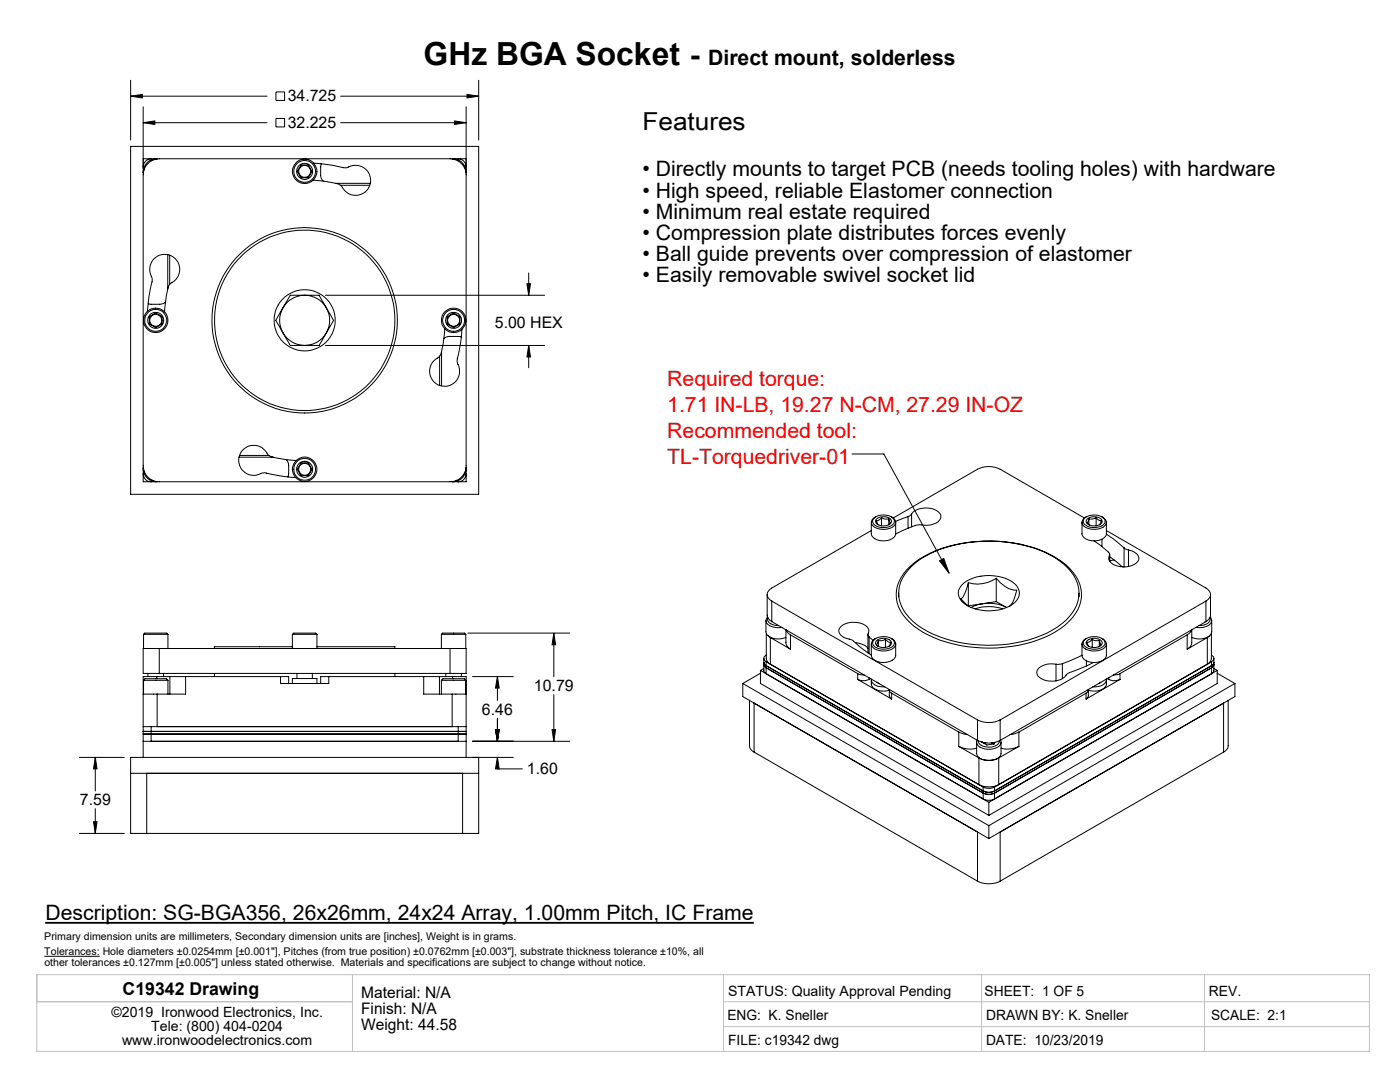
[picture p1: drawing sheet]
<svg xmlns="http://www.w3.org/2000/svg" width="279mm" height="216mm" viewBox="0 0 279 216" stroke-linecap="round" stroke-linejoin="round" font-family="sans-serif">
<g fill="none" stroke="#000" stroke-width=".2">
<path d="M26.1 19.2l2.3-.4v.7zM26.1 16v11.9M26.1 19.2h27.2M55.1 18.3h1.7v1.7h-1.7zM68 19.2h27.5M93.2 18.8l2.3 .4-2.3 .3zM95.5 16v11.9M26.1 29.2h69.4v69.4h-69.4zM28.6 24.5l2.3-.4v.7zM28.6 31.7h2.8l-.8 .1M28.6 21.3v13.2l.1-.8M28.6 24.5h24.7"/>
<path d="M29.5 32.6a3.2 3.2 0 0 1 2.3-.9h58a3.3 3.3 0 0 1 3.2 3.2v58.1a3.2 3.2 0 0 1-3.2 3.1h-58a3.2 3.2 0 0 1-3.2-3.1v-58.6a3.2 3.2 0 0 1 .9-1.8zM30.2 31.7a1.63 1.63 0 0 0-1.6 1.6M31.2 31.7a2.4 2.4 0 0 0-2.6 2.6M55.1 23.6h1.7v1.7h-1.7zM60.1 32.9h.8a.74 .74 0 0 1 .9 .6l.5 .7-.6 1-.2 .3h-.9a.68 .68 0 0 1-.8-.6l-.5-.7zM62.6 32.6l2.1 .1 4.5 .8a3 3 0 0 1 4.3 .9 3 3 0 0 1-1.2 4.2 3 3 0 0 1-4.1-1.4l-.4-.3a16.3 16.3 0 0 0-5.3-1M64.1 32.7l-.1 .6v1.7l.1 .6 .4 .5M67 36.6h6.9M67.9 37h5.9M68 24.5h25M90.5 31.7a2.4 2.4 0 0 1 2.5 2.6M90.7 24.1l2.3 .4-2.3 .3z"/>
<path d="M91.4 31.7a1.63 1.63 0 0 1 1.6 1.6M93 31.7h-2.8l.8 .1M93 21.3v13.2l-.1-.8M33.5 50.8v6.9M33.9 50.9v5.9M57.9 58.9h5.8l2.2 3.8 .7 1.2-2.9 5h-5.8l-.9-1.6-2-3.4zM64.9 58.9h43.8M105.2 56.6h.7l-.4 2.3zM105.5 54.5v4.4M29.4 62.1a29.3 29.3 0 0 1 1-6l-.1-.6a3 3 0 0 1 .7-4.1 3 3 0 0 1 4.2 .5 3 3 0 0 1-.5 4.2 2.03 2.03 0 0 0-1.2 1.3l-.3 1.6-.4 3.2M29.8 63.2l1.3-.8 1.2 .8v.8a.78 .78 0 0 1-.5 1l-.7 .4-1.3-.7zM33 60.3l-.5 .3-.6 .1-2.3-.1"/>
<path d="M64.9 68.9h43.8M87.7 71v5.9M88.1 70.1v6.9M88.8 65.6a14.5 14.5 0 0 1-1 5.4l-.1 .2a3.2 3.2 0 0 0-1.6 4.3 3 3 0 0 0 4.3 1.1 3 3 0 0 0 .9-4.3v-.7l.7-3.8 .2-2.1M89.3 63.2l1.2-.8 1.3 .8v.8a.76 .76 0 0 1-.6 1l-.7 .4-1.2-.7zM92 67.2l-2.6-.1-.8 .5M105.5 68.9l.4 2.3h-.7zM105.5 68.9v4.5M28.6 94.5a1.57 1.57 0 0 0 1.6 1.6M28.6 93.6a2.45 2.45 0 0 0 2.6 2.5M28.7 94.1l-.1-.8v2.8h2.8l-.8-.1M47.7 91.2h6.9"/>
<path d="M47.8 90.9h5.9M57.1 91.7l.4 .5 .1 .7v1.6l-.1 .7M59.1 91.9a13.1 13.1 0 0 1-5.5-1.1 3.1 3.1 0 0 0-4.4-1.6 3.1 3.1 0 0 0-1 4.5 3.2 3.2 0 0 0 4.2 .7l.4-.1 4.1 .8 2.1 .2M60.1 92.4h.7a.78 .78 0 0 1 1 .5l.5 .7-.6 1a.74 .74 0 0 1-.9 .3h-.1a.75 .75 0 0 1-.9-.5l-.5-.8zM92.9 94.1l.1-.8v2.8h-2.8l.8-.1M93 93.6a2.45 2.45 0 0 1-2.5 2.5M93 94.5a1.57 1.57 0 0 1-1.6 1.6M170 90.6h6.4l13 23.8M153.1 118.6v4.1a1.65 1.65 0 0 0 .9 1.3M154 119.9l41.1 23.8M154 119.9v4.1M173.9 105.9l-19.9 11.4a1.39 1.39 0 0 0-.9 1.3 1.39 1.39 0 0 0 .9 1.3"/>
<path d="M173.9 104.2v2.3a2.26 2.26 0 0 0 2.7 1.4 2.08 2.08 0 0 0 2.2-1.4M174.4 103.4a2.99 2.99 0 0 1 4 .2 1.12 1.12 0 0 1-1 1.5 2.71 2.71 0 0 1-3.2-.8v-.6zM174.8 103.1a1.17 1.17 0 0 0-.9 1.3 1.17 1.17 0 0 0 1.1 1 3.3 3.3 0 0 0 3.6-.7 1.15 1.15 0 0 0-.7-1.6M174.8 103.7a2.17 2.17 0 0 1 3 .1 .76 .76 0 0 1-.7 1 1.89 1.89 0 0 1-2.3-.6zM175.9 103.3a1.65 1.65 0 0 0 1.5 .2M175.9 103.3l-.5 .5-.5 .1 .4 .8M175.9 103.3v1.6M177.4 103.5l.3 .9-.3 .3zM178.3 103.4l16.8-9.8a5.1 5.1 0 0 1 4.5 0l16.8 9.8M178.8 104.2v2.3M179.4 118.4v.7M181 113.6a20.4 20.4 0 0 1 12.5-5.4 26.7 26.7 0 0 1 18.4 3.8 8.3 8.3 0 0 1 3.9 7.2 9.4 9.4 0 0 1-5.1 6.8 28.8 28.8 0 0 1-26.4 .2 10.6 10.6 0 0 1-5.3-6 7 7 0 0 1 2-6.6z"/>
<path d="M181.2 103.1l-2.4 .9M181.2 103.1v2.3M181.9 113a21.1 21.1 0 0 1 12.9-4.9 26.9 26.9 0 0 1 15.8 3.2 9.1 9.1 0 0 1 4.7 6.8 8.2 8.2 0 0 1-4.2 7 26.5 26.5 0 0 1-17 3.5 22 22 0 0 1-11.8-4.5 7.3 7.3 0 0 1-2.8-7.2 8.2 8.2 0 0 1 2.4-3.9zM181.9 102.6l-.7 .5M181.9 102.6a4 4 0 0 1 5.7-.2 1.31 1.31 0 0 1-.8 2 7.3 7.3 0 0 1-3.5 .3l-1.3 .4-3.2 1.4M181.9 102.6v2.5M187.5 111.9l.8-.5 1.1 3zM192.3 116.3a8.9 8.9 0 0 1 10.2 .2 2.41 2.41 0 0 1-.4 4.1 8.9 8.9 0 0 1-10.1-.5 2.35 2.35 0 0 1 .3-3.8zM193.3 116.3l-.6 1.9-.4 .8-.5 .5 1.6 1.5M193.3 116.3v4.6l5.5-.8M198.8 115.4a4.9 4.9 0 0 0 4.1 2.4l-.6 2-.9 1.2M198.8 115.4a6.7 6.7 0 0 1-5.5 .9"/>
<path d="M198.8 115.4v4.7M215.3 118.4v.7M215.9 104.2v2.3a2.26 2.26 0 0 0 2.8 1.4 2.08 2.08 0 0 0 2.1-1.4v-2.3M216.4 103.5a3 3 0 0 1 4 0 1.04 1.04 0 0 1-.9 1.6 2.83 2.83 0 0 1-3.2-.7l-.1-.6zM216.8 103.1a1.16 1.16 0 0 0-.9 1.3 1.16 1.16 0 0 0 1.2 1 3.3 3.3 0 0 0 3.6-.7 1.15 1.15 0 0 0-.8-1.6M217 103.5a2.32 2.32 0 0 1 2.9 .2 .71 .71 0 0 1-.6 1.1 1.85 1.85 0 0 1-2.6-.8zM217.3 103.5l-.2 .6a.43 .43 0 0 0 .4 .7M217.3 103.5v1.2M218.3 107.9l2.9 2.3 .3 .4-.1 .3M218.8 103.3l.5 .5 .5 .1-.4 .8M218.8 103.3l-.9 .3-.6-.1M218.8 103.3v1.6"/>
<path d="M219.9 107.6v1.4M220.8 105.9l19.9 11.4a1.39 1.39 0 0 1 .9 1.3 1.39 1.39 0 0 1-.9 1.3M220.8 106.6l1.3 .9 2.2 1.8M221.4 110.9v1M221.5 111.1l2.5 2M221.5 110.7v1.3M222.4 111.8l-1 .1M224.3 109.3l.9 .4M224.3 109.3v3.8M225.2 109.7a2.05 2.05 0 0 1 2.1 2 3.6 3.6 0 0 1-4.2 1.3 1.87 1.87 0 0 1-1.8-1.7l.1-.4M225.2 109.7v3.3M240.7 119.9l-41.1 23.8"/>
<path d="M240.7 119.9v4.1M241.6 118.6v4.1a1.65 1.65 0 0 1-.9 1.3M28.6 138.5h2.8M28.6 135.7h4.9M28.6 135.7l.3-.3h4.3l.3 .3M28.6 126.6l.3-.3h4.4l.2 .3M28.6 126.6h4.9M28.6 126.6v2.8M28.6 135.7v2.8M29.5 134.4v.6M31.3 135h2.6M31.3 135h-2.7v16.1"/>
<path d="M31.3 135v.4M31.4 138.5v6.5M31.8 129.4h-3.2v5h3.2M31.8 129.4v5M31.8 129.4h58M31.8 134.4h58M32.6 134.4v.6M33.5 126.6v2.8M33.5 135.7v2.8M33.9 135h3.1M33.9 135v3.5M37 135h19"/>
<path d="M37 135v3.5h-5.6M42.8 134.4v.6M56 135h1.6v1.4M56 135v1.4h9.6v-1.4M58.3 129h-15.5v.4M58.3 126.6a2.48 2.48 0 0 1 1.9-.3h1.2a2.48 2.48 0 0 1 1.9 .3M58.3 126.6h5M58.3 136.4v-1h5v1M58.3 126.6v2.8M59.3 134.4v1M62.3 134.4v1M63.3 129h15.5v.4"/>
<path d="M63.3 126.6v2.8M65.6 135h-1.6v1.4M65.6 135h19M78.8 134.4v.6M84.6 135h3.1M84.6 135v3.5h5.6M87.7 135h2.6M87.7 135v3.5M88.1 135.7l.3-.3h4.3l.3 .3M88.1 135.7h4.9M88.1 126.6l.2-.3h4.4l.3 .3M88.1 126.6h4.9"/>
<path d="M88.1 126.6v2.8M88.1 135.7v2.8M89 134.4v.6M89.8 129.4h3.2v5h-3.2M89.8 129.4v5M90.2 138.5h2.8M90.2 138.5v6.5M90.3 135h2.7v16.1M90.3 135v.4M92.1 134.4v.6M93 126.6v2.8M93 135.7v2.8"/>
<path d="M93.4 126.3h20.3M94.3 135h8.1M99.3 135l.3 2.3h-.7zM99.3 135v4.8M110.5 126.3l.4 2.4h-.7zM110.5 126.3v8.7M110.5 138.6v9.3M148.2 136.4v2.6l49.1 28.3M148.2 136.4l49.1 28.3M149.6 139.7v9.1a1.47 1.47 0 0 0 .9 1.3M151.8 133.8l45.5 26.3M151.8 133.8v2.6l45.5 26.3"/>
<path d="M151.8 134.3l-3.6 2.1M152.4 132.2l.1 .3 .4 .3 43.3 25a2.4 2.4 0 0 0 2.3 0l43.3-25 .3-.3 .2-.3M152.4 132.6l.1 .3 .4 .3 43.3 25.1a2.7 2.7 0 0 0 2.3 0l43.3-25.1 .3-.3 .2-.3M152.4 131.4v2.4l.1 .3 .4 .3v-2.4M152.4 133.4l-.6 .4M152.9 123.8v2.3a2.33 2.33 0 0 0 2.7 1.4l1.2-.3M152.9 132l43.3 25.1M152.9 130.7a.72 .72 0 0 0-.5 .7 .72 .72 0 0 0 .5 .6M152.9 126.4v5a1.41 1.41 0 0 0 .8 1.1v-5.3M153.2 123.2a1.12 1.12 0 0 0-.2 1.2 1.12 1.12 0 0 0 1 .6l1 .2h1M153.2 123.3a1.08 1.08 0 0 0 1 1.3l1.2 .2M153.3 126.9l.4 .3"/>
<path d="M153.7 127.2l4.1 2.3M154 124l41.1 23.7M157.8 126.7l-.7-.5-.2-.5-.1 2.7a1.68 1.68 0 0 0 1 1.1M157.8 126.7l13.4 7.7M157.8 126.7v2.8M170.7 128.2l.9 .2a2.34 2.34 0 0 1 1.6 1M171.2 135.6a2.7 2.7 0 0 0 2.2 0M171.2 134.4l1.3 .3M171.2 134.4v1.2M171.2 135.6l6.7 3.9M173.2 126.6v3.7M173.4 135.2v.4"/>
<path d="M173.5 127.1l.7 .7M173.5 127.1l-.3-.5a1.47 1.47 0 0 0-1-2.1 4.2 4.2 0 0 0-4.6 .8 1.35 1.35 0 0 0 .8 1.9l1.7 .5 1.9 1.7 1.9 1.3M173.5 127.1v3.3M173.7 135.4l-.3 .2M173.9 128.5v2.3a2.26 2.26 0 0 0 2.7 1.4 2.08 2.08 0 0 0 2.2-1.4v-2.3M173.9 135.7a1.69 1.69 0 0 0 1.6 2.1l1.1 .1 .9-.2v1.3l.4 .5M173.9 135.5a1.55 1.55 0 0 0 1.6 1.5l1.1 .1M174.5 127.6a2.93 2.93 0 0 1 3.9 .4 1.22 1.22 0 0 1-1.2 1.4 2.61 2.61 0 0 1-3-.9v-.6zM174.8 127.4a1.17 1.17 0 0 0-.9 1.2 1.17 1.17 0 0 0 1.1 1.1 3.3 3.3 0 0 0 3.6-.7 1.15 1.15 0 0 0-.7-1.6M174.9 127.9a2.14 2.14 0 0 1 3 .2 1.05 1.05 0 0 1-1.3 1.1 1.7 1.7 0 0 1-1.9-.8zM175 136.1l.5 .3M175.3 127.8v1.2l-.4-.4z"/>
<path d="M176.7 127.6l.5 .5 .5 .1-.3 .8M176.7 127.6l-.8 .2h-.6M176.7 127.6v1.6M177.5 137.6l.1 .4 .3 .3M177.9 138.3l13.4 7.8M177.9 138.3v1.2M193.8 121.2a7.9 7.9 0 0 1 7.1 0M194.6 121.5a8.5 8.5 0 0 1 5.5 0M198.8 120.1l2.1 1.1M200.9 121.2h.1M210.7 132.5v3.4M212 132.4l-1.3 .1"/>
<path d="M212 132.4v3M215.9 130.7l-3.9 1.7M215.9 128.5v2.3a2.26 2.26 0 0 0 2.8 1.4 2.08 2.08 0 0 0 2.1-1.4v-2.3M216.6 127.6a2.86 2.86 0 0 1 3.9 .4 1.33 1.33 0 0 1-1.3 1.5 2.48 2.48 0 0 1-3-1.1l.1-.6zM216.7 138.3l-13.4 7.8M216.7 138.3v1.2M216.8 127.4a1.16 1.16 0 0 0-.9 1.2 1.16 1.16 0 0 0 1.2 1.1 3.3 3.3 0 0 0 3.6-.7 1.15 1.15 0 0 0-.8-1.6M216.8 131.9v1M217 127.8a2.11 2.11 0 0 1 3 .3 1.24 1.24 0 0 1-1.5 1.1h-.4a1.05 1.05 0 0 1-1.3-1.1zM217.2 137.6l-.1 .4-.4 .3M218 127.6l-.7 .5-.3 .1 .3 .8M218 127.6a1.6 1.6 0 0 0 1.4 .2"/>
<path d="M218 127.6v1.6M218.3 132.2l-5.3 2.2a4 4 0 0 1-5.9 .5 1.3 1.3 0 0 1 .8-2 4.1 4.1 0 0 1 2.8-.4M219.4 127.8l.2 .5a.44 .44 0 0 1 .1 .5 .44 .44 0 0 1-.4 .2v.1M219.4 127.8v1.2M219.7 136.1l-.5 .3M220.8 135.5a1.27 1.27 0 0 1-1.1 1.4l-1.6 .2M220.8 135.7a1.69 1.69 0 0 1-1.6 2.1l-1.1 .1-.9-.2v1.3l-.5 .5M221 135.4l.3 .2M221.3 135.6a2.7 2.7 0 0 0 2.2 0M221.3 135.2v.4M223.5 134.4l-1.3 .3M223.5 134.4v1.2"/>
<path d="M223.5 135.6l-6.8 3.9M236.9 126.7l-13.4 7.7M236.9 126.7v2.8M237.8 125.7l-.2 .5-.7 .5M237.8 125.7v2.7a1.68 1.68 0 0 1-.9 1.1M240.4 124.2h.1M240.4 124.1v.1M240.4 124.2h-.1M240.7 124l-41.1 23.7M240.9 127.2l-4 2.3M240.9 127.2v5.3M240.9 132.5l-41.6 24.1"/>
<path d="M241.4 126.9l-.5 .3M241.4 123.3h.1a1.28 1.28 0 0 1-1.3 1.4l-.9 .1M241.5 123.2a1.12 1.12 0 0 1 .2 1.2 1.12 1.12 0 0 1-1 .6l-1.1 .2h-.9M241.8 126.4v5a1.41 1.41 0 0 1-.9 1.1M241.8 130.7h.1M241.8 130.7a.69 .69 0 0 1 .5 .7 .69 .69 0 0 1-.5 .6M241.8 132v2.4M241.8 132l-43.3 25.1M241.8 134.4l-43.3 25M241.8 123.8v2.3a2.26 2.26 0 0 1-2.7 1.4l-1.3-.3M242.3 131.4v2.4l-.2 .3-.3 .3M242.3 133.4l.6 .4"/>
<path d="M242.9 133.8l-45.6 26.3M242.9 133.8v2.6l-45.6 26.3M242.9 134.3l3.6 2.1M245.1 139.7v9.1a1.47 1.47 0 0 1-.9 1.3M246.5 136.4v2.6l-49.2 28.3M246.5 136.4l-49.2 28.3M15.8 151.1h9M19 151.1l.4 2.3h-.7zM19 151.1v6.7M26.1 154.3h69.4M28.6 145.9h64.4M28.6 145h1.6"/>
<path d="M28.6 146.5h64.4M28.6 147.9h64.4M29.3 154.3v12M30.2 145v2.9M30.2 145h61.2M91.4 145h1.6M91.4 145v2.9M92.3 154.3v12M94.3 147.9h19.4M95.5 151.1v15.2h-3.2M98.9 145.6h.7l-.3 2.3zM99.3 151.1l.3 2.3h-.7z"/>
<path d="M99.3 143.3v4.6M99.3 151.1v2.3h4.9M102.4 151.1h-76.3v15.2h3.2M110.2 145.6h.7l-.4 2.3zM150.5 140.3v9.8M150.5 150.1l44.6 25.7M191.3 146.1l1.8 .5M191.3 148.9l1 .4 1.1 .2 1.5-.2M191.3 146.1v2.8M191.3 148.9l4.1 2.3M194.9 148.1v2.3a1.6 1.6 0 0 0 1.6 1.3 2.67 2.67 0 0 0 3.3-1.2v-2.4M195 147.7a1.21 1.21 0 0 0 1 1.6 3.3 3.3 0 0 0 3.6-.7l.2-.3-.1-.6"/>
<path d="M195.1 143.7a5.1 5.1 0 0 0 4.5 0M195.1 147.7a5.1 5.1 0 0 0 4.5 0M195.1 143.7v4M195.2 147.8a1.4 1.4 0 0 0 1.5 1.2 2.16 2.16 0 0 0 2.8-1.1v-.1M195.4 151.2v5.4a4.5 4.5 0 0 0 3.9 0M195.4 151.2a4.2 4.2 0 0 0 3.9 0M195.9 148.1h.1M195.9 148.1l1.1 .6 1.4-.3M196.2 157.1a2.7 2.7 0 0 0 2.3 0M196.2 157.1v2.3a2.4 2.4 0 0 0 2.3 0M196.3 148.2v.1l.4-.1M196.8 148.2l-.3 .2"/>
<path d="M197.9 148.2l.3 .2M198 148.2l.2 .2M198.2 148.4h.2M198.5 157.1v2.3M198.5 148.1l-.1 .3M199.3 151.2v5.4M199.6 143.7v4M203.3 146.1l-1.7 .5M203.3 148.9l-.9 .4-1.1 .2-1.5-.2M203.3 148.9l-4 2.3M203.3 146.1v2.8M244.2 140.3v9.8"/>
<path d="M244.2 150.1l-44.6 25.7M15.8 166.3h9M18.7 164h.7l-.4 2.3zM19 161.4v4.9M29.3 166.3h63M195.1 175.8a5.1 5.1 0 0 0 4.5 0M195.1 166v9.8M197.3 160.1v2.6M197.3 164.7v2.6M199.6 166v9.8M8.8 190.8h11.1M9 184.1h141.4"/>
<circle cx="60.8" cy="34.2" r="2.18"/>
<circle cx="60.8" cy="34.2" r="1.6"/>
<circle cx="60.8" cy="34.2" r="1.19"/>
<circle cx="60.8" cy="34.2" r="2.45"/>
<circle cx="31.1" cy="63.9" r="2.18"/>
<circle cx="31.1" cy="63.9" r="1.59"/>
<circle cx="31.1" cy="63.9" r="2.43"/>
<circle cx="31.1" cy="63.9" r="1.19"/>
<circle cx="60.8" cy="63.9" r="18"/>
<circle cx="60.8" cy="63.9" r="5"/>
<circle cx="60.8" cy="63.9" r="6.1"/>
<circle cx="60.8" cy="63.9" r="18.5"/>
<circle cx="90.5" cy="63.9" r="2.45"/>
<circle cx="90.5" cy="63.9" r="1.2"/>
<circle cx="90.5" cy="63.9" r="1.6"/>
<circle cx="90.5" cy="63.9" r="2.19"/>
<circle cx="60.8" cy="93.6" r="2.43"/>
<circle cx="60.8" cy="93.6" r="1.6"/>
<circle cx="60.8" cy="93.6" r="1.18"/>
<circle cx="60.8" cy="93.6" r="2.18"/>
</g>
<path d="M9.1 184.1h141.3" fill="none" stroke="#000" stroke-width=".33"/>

★ ★ ★

◆ Instructions to follow: In the entries above, find the line holding "135v.4M31.4 138.5v6.5M31.8 129.4h-3.2v5h3.2M31.8" and the line holding "134.3l-3.6 2.1M152.4 132.2l.1"; print both of them and every line between, exactly, and nothing else.

◆ Solution to this task:
<path d="M31.3 135v.4M31.4 138.5v6.5M31.8 129.4h-3.2v5h3.2M31.8 129.4v5M31.8 129.4h58M31.8 134.4h58M32.6 134.4v.6M33.5 126.6v2.8M33.5 135.7v2.8M33.9 135h3.1M33.9 135v3.5M37 135h19"/>
<path d="M37 135v3.5h-5.6M42.8 134.4v.6M56 135h1.6v1.4M56 135v1.4h9.6v-1.4M58.3 129h-15.5v.4M58.3 126.6a2.48 2.48 0 0 1 1.9-.3h1.2a2.48 2.48 0 0 1 1.9 .3M58.3 126.6h5M58.3 136.4v-1h5v1M58.3 126.6v2.8M59.3 134.4v1M62.3 134.4v1M63.3 129h15.5v.4"/>
<path d="M63.3 126.6v2.8M65.6 135h-1.6v1.4M65.6 135h19M78.8 134.4v.6M84.6 135h3.1M84.6 135v3.5h5.6M87.7 135h2.6M87.7 135v3.5M88.1 135.7l.3-.3h4.3l.3 .3M88.1 135.7h4.9M88.1 126.6l.2-.3h4.4l.3 .3M88.1 126.6h4.9"/>
<path d="M88.1 126.6v2.8M88.1 135.7v2.8M89 134.4v.6M89.8 129.4h3.2v5h-3.2M89.8 129.4v5M90.2 138.5h2.8M90.2 138.5v6.5M90.3 135h2.7v16.1M90.3 135v.4M92.1 134.4v.6M93 126.6v2.8M93 135.7v2.8"/>
<path d="M93.4 126.3h20.3M94.3 135h8.1M99.3 135l.3 2.3h-.7zM99.3 135v4.8M110.5 126.3l.4 2.4h-.7zM110.5 126.3v8.7M110.5 138.6v9.3M148.2 136.4v2.6l49.1 28.3M148.2 136.4l49.1 28.3M149.6 139.7v9.1a1.47 1.47 0 0 0 .9 1.3M151.8 133.8l45.5 26.3M151.8 133.8v2.6l45.5 26.3"/>
<path d="M151.8 134.3l-3.6 2.1M152.4 132.2l.1 .3 .4 .3 43.3 25a2.4 2.4 0 0 0 2.3 0l43.3-25 .3-.3 .2-.3M152.4 132.6l.1 .3 .4 .3 43.3 25.1a2.7 2.7 0 0 0 2.3 0l43.3-25.1 .3-.3 .2-.3M152.4 131.4v2.4l.1 .3 .4 .3v-2.4M152.4 133.4l-.6 .4M152.9 123.8v2.3a2.33 2.33 0 0 0 2.7 1.4l1.2-.3M152.9 132l43.3 25.1M152.9 130.7a.72 .72 0 0 0-.5 .7 .72 .72 0 0 0 .5 .6M152.9 126.4v5a1.41 1.41 0 0 0 .8 1.1v-5.3M153.2 123.2a1.12 1.12 0 0 0-.2 1.2 1.12 1.12 0 0 0 1 .6l1 .2h1M153.2 123.3a1.08 1.08 0 0 0 1 1.3l1.2 .2M153.3 126.9l.4 .3"/>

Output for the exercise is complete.